Uprawnionych do głosowania w pierwszej turze było 9 380 mieszkańców. 4 734 poszło na wybory mając do wyboru 9 kandydatów. Oddali 4 701 ważnych głosów. Na M. Tabin-Matusz zagłosowało 1 265 wyborców. K. Strent uzyskał 1 063 głosów.
W drugiej turze wzięło udział 4 494 mieszkańców, czyli niemal 48 procent uprawnionych do głosowania. 42 głosy były nieważne. Wyborcy zdecydowali, że nowym wójtem będzie K. Strent oddając na niego prawie 59 procent ważnych głosów. Zwyciężył on w 9 z 11 komisji wyborczych zlokalizowanych w miejscowościach gminy.
Strent mieszka w gminie i jest związany z samorządem Wiązownicy od lat. Trzynaście lat temu rozpoczął pracę w Zakładzie Gospodarki Komunalnej Gminy Wiązownica. Trzy lata później został szefem Gminnego Centrum Kultury, a końcem grudnia 2014 r. awansował na funkcję sekretarza w Urzędzie Gminy. Po dwóch latach objął funkcję wicewójta Wiązownicy, by po kolejnych dwóch latach zostać sekretarzem Urzędu Miasta Jarosławia. Po kilku miesiącach zrezygnował z funkcji i objął stanowisko prezesa Zakładu Usług Komunalnych Sp. z o.o. w Przemyślu. Teraz wróci do Wiązownicy, by kierować gminą. K. Strent ma 37 lat. Ma żonę i trójkę dzieci. Jest absolwentem geografii o specjalizacji hydrologia.

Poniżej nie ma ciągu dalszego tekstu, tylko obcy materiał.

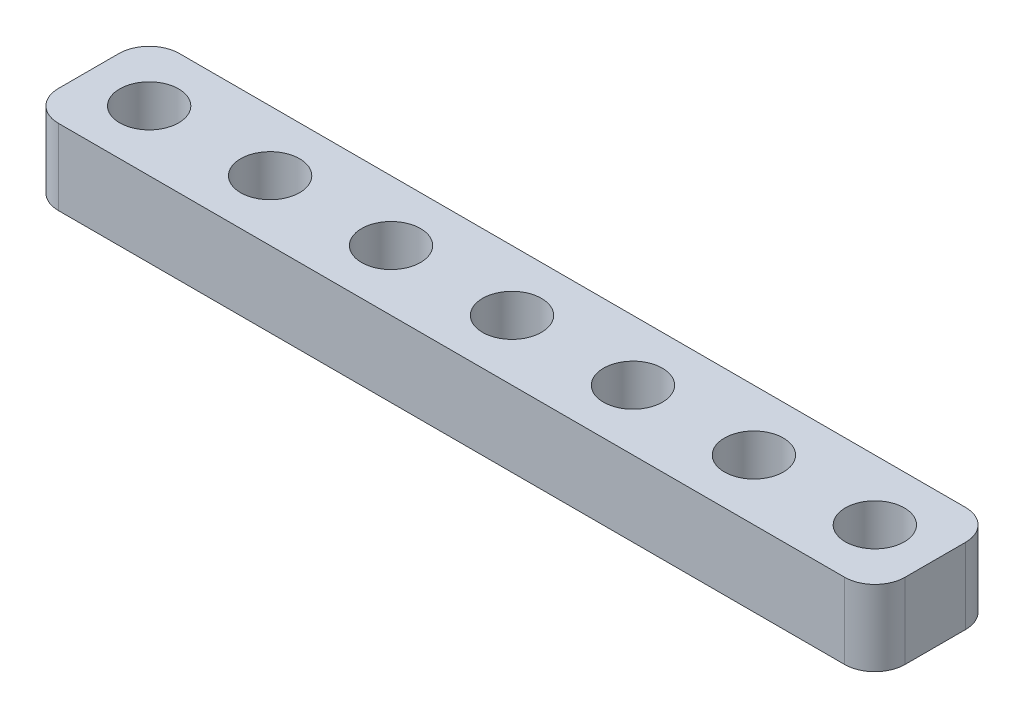
ISO-10303-21;
HEADER;
FILE_DESCRIPTION(('STEP AP214'),'2;1');
FILE_NAME('part.step','',(''),(''),'','','');
FILE_SCHEMA(('AUTOMOTIVE_DESIGN { 1 0 10303 214 1 1 1 1 }'));
ENDSEC;
DATA;
#1=APPLICATION_CONTEXT('core data for automotive mechanical design processes');
#2=APPLICATION_PROTOCOL_DEFINITION('international standard','automotive_design',2000,#1);
#3=PRODUCT_CONTEXT('',#1,'mechanical');
#4=PRODUCT('Part','Part','',(#3));
#5=PRODUCT_RELATED_PRODUCT_CATEGORY('part','',(#4));
#6=PRODUCT_DEFINITION_FORMATION('','',#4);
#7=PRODUCT_DEFINITION_CONTEXT('part definition',#1,'design');
#8=PRODUCT_DEFINITION('design','',#6,#7);
#9=PRODUCT_DEFINITION_SHAPE('','',#8);
#10=(LENGTH_UNIT() NAMED_UNIT(*) SI_UNIT(.MILLI.,.METRE.));
#11=(NAMED_UNIT(*) PLANE_ANGLE_UNIT() SI_UNIT($,.RADIAN.));
#12=(NAMED_UNIT(*) SI_UNIT($,.STERADIAN.) SOLID_ANGLE_UNIT());
#13=UNCERTAINTY_MEASURE_WITH_UNIT(LENGTH_MEASURE(1.E-05),#10,'distance_accuracy_value','');
#14=(GEOMETRIC_REPRESENTATION_CONTEXT(3) GLOBAL_UNCERTAINTY_ASSIGNED_CONTEXT((#13)) GLOBAL_UNIT_ASSIGNED_CONTEXT((#10,
#11,#12)) REPRESENTATION_CONTEXT('',''));
#15=CARTESIAN_POINT('',(0.,0.,0.));
#16=DIRECTION('',(0.,0.,1.));
#17=DIRECTION('',(1.,0.,0.));
#18=AXIS2_PLACEMENT_3D('',#15,#16,#17);
#19=CARTESIAN_POINT('',(54.,5.,6.));
#20=DIRECTION('',(0.,-1.,0.));
#21=DIRECTION('',(0.,0.,-1.));
#22=AXIS2_PLACEMENT_3D('',#19,#20,#21);
#23=CYLINDRICAL_SURFACE('',#22,2.);
#24=CARTESIAN_POINT('',(54.,0.,6.));
#25=DIRECTION('',(0.,1.,0.));
#26=DIRECTION('',(0.,0.,1.));
#27=AXIS2_PLACEMENT_3D('',#24,#25,#26);
#28=CIRCLE('',#27,2.);
#29=CARTESIAN_POINT('',(54.,0.,8.));
#30=VERTEX_POINT('',#29);
#31=CARTESIAN_POINT('',(56.,0.,6.));
#32=VERTEX_POINT('',#31);
#33=EDGE_CURVE('E133',#30,#32,#28,.T.);
#34=ORIENTED_EDGE('',*,*,#33,.T.);
#35=DIRECTION('',(0.,-1.,0.));
#36=VECTOR('',#35,1.);
#37=CARTESIAN_POINT('',(56.,5.,6.));
#38=LINE('',#37,#36);
#39=CARTESIAN_POINT('',(56.,5.,6.));
#40=VERTEX_POINT('',#39);
#41=EDGE_CURVE('E11',#40,#32,#38,.T.);
#42=ORIENTED_EDGE('',*,*,#41,.F.);
#43=CARTESIAN_POINT('',(54.,5.,6.));
#44=DIRECTION('',(0.,1.,0.));
#45=DIRECTION('',(0.,0.,1.));
#46=AXIS2_PLACEMENT_3D('',#43,#44,#45);
#47=CIRCLE('',#46,2.);
#48=CARTESIAN_POINT('',(54.,5.,8.));
#49=VERTEX_POINT('',#48);
#50=EDGE_CURVE('E148',#49,#40,#47,.T.);
#51=ORIENTED_EDGE('',*,*,#50,.F.);
#52=DIRECTION('',(0.,-1.,0.));
#53=VECTOR('',#52,1.);
#54=CARTESIAN_POINT('',(54.,5.,8.));
#55=LINE('',#54,#53);
#56=EDGE_CURVE('E129',#49,#30,#55,.T.);
#57=ORIENTED_EDGE('',*,*,#56,.T.);
#58=EDGE_LOOP('',(#34,#42,#51,#57));
#59=FACE_BOUND('',#58,.T.);
#60=ADVANCED_FACE('F37',(#59),#23,.T.);
#61=CARTESIAN_POINT('',(56.,5.,2.));
#62=DIRECTION('',(-1.,0.,0.));
#63=DIRECTION('',(0.,0.,1.));
#64=AXIS2_PLACEMENT_3D('',#61,#62,#63);
#65=PLANE('',#64);
#66=DIRECTION('',(0.,0.,-1.));
#67=VECTOR('',#66,1.);
#68=CARTESIAN_POINT('',(56.,0.,2.));
#69=LINE('',#68,#67);
#70=CARTESIAN_POINT('',(56.,0.,2.));
#71=VERTEX_POINT('',#70);
#72=EDGE_CURVE('E136',#32,#71,#69,.T.);
#73=ORIENTED_EDGE('',*,*,#72,.T.);
#74=DIRECTION('',(0.,-1.,0.));
#75=VECTOR('',#74,1.);
#76=CARTESIAN_POINT('',(56.,5.,2.));
#77=LINE('',#76,#75);
#78=CARTESIAN_POINT('',(56.,5.,2.));
#79=VERTEX_POINT('',#78);
#80=EDGE_CURVE('E45',#79,#71,#77,.T.);
#81=ORIENTED_EDGE('',*,*,#80,.F.);
#82=DIRECTION('',(0.,0.,-1.));
#83=VECTOR('',#82,1.);
#84=CARTESIAN_POINT('',(56.,5.,2.));
#85=LINE('',#84,#83);
#86=EDGE_CURVE('E96',#40,#79,#85,.T.);
#87=ORIENTED_EDGE('',*,*,#86,.F.);
#88=ORIENTED_EDGE('',*,*,#41,.T.);
#89=EDGE_LOOP('',(#73,#81,#87,#88));
#90=FACE_BOUND('',#89,.T.);
#91=ADVANCED_FACE('F264',(#90),#65,.F.);
#92=CARTESIAN_POINT('',(54.,5.,2.));
#93=DIRECTION('',(0.,-1.,0.));
#94=DIRECTION('',(0.,0.,-1.));
#95=AXIS2_PLACEMENT_3D('',#92,#93,#94);
#96=CYLINDRICAL_SURFACE('',#95,2.);
#97=CARTESIAN_POINT('',(54.,0.,2.));
#98=DIRECTION('',(0.,1.,0.));
#99=DIRECTION('',(0.,0.,-1.));
#100=AXIS2_PLACEMENT_3D('',#97,#98,#99);
#101=CIRCLE('',#100,2.);
#102=CARTESIAN_POINT('',(54.,0.,0.));
#103=VERTEX_POINT('',#102);
#104=EDGE_CURVE('E139',#71,#103,#101,.T.);
#105=ORIENTED_EDGE('',*,*,#104,.T.);
#106=DIRECTION('',(0.,-1.,0.));
#107=VECTOR('',#106,1.);
#108=CARTESIAN_POINT('',(54.,5.,0.));
#109=LINE('',#108,#107);
#110=CARTESIAN_POINT('',(54.,5.,0.));
#111=VERTEX_POINT('',#110);
#112=EDGE_CURVE('E155',#111,#103,#109,.T.);
#113=ORIENTED_EDGE('',*,*,#112,.F.);
#114=CARTESIAN_POINT('',(54.,5.,2.));
#115=DIRECTION('',(0.,1.,0.));
#116=DIRECTION('',(0.,0.,-1.));
#117=AXIS2_PLACEMENT_3D('',#114,#115,#116);
#118=CIRCLE('',#117,2.);
#119=EDGE_CURVE('E163',#79,#111,#118,.T.);
#120=ORIENTED_EDGE('',*,*,#119,.F.);
#121=ORIENTED_EDGE('',*,*,#80,.T.);
#122=EDGE_LOOP('',(#105,#113,#120,#121));
#123=FACE_BOUND('',#122,.T.);
#124=ADVANCED_FACE('F161',(#123),#96,.T.);
#125=CARTESIAN_POINT('',(2.00000000000001,5.,0.));
#126=DIRECTION('',(0.,0.,1.));
#127=DIRECTION('',(1.,0.,0.));
#128=AXIS2_PLACEMENT_3D('',#125,#126,#127);
#129=PLANE('',#128);
#130=DIRECTION('',(-1.,0.,0.));
#131=VECTOR('',#130,1.);
#132=CARTESIAN_POINT('',(2.00000000000001,0.,0.));
#133=LINE('',#132,#131);
#134=CARTESIAN_POINT('',(2.00000000000001,0.,0.));
#135=VERTEX_POINT('',#134);
#136=EDGE_CURVE('E141',#103,#135,#133,.T.);
#137=ORIENTED_EDGE('',*,*,#136,.T.);
#138=DIRECTION('',(0.,-1.,0.));
#139=VECTOR('',#138,1.);
#140=CARTESIAN_POINT('',(2.00000000000001,5.,0.));
#141=LINE('',#140,#139);
#142=CARTESIAN_POINT('',(2.00000000000001,5.,0.));
#143=VERTEX_POINT('',#142);
#144=EDGE_CURVE('E152',#143,#135,#141,.T.);
#145=ORIENTED_EDGE('',*,*,#144,.F.);
#146=DIRECTION('',(-1.,0.,0.));
#147=VECTOR('',#146,1.);
#148=CARTESIAN_POINT('',(2.00000000000001,5.,0.));
#149=LINE('',#148,#147);
#150=EDGE_CURVE('E175',#111,#143,#149,.T.);
#151=ORIENTED_EDGE('',*,*,#150,.F.);
#152=ORIENTED_EDGE('',*,*,#112,.T.);
#153=EDGE_LOOP('',(#137,#145,#151,#152));
#154=FACE_BOUND('',#153,.T.);
#155=ADVANCED_FACE('F171',(#154),#129,.F.);
#156=CARTESIAN_POINT('',(2.,5.,2.));
#157=DIRECTION('',(0.,-1.,0.));
#158=DIRECTION('',(0.,0.,-1.));
#159=AXIS2_PLACEMENT_3D('',#156,#157,#158);
#160=CYLINDRICAL_SURFACE('',#159,2.);
#161=CARTESIAN_POINT('',(2.,0.,2.));
#162=DIRECTION('',(0.,1.,0.));
#163=DIRECTION('',(0.,0.,1.));
#164=AXIS2_PLACEMENT_3D('',#161,#162,#163);
#165=CIRCLE('',#164,2.);
#166=CARTESIAN_POINT('',(0.,0.,2.00000000000001));
#167=VERTEX_POINT('',#166);
#168=EDGE_CURVE('E143',#135,#167,#165,.T.);
#169=ORIENTED_EDGE('',*,*,#168,.T.);
#170=DIRECTION('',(0.,-1.,0.));
#171=VECTOR('',#170,1.);
#172=CARTESIAN_POINT('',(0.,5.,2.00000000000001));
#173=LINE('',#172,#171);
#174=CARTESIAN_POINT('',(0.,5.,2.00000000000001));
#175=VERTEX_POINT('',#174);
#176=EDGE_CURVE('E124',#175,#167,#173,.T.);
#177=ORIENTED_EDGE('',*,*,#176,.F.);
#178=CARTESIAN_POINT('',(2.,5.,2.));
#179=DIRECTION('',(0.,1.,0.));
#180=DIRECTION('',(0.,0.,1.));
#181=AXIS2_PLACEMENT_3D('',#178,#179,#180);
#182=CIRCLE('',#181,2.);
#183=EDGE_CURVE('E115',#143,#175,#182,.T.);
#184=ORIENTED_EDGE('',*,*,#183,.F.);
#185=ORIENTED_EDGE('',*,*,#144,.T.);
#186=EDGE_LOOP('',(#169,#177,#184,#185));
#187=FACE_BOUND('',#186,.T.);
#188=ADVANCED_FACE('F174',(#187),#160,.T.);
#189=CARTESIAN_POINT('',(0.,5.,2.00000000000001));
#190=DIRECTION('',(1.,0.,0.));
#191=DIRECTION('',(0.,0.,-1.));
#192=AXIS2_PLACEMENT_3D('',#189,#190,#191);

Tabin-Matusz startowała w wyborach pełniąc z powołania premiera obowiązki wójta Wiązownicy. Do urzędu przeszła z Gminnego Ośrodka Pomocy Społecznej w Markowej, gdzie była kierownikiem. Wcześniej pracowała w wiązownickim GOPS.
Kampania wyborcza, zarówno przed pierwszą, jak i drugą turą, wzbudzała sporo komentarzy. Jej prowadzenie na pewno wpłynęło na rozkład głosów.